__What you are asked to do__.
Transcribe the entries below exactly from their first line through the line containing "import ezdxf", and let no picture into the copy.

....................

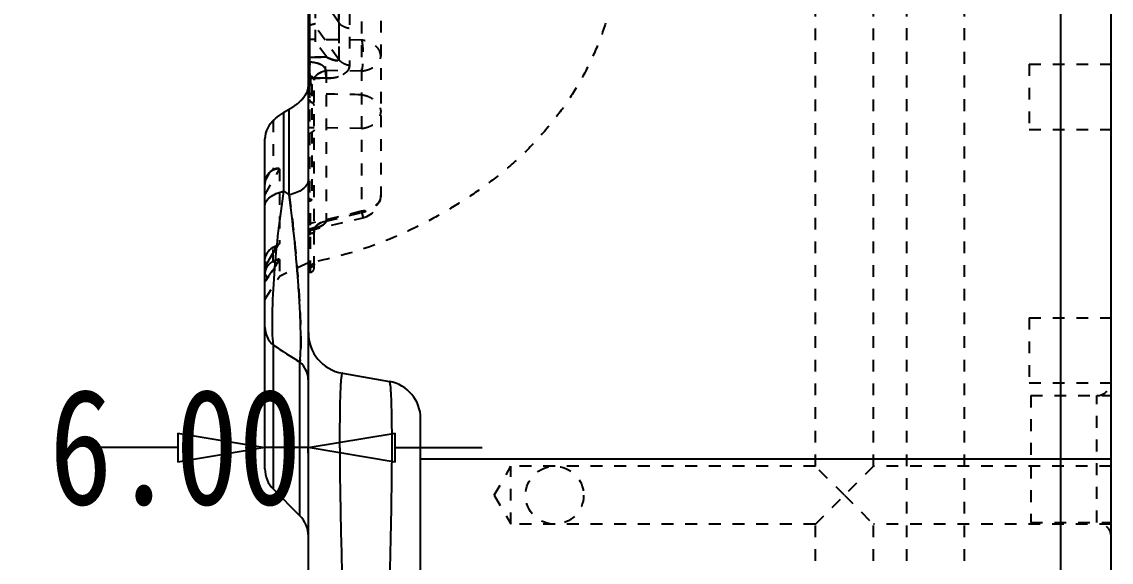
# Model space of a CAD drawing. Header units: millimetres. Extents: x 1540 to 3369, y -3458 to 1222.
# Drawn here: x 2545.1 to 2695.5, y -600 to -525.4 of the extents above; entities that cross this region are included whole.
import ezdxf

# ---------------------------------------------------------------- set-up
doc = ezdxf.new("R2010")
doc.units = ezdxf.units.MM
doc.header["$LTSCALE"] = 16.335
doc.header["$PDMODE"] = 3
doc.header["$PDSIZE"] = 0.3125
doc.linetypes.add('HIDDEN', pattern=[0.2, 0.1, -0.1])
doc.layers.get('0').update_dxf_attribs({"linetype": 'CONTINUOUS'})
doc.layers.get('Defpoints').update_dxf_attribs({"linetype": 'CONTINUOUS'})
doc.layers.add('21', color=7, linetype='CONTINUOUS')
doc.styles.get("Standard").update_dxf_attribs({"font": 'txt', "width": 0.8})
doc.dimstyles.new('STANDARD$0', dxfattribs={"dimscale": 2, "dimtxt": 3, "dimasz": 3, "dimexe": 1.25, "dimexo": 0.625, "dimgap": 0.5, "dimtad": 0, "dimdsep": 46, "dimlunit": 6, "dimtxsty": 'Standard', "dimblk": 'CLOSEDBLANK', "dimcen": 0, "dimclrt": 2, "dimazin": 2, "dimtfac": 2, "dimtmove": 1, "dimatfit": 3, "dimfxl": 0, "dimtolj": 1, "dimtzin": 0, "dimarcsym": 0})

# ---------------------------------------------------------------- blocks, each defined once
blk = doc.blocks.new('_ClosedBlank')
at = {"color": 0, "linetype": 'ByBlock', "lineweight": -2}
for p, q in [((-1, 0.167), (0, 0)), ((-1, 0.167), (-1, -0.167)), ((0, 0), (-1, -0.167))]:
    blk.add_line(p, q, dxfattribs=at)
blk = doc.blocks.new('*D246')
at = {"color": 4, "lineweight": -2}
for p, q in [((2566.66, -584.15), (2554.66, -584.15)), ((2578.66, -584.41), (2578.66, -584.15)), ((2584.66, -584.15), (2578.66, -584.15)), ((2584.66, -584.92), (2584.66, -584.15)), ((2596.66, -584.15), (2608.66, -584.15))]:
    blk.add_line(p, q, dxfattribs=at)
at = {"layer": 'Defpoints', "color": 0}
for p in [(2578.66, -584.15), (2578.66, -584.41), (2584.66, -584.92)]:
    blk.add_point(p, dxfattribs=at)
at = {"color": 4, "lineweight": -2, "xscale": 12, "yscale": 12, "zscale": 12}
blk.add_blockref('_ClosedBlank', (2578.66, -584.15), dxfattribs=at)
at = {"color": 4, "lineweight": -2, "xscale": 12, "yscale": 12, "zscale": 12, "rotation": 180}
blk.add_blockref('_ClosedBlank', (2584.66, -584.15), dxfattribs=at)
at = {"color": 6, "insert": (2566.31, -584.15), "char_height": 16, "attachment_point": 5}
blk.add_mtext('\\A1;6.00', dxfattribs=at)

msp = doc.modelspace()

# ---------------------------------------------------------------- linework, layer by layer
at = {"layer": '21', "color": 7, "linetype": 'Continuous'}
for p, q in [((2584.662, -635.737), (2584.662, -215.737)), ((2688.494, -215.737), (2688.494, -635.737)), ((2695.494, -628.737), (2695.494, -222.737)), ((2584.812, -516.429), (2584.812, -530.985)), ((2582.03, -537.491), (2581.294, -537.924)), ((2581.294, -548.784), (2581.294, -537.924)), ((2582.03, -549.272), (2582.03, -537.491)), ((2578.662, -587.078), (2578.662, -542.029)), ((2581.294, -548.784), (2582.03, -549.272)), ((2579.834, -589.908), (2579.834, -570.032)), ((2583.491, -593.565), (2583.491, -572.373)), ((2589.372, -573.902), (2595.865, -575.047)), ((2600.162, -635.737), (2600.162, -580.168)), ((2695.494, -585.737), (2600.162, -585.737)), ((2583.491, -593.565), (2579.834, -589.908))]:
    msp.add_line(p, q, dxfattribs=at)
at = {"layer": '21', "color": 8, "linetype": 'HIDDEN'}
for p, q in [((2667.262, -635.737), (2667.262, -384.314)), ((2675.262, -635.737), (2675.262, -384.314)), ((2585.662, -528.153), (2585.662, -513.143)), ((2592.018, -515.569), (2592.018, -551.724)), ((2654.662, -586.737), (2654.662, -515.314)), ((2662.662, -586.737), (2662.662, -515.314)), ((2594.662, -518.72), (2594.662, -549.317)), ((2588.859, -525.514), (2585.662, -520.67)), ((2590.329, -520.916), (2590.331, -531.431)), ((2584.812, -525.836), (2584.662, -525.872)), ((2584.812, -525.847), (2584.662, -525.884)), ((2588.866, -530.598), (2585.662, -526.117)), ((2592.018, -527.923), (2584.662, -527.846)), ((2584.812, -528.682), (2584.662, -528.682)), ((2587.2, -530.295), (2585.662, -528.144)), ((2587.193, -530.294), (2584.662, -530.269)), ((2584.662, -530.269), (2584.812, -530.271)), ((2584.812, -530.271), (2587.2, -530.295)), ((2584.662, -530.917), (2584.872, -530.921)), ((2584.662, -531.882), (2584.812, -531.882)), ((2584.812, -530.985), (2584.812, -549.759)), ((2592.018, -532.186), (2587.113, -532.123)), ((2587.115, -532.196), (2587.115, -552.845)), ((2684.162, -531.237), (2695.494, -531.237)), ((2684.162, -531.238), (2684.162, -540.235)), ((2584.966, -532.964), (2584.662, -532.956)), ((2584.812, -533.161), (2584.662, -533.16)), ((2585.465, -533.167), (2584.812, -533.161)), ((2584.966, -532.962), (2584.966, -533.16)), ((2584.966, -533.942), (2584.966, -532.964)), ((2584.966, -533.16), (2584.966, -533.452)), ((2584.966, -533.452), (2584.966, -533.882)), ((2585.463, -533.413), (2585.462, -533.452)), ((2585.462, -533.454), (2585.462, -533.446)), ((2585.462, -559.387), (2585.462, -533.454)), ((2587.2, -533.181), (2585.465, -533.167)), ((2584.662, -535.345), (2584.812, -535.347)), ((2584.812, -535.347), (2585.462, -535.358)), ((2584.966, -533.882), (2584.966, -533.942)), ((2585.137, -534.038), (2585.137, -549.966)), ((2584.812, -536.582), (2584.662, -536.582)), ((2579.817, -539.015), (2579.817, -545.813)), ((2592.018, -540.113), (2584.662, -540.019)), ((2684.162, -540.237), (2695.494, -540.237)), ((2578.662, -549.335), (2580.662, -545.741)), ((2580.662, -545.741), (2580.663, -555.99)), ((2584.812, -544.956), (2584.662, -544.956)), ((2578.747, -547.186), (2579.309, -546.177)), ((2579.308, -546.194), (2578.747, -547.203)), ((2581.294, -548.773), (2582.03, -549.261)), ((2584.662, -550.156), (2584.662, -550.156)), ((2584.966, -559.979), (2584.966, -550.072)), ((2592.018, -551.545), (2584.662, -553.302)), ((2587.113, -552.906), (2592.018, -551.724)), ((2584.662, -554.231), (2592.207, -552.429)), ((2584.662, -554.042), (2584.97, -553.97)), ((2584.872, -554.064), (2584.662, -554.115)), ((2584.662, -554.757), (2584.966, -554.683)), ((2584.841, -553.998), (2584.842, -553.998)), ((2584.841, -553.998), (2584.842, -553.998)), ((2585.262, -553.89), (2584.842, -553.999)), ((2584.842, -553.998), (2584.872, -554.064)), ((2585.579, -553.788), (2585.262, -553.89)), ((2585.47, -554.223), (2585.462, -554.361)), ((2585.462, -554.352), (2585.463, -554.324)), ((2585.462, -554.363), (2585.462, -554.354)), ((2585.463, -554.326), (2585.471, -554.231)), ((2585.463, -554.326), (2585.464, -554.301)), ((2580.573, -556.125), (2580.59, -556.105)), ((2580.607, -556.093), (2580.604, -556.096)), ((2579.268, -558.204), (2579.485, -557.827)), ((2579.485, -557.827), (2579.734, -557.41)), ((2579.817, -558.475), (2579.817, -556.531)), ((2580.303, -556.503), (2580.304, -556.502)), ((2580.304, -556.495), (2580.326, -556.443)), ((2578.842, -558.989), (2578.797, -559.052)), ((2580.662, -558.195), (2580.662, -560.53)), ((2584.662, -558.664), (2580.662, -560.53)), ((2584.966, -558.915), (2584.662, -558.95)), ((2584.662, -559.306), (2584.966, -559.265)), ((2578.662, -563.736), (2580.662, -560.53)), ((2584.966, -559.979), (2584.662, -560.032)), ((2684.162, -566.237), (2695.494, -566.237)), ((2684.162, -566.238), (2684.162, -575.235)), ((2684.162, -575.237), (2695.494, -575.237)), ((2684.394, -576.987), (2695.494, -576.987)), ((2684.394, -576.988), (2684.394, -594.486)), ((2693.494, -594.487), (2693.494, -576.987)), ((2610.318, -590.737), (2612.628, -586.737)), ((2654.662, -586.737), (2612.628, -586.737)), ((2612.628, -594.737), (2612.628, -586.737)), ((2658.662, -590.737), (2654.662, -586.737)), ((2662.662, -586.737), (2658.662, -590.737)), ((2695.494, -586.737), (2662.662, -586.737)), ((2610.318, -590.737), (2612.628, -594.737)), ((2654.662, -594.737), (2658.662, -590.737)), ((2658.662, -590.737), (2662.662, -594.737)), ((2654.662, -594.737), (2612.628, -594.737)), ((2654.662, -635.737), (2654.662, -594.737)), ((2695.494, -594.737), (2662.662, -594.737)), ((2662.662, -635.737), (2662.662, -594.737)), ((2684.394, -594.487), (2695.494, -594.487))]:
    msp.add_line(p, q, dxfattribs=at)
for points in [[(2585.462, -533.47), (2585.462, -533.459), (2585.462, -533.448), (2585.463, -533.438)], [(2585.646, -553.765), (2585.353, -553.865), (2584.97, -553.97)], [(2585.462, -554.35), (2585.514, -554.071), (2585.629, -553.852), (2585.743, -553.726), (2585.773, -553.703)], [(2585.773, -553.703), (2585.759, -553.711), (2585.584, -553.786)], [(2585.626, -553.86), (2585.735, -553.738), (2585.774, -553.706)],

....................

__Solution__.
# Model space of a CAD drawing. Header units: millimetres. Extents: x 1540 to 3369, y -3458 to 1222.
# Drawn here: x 2545.1 to 2695.5, y -600 to -525.4 of the extents above; entities that cross this region are included whole.
import ezdxf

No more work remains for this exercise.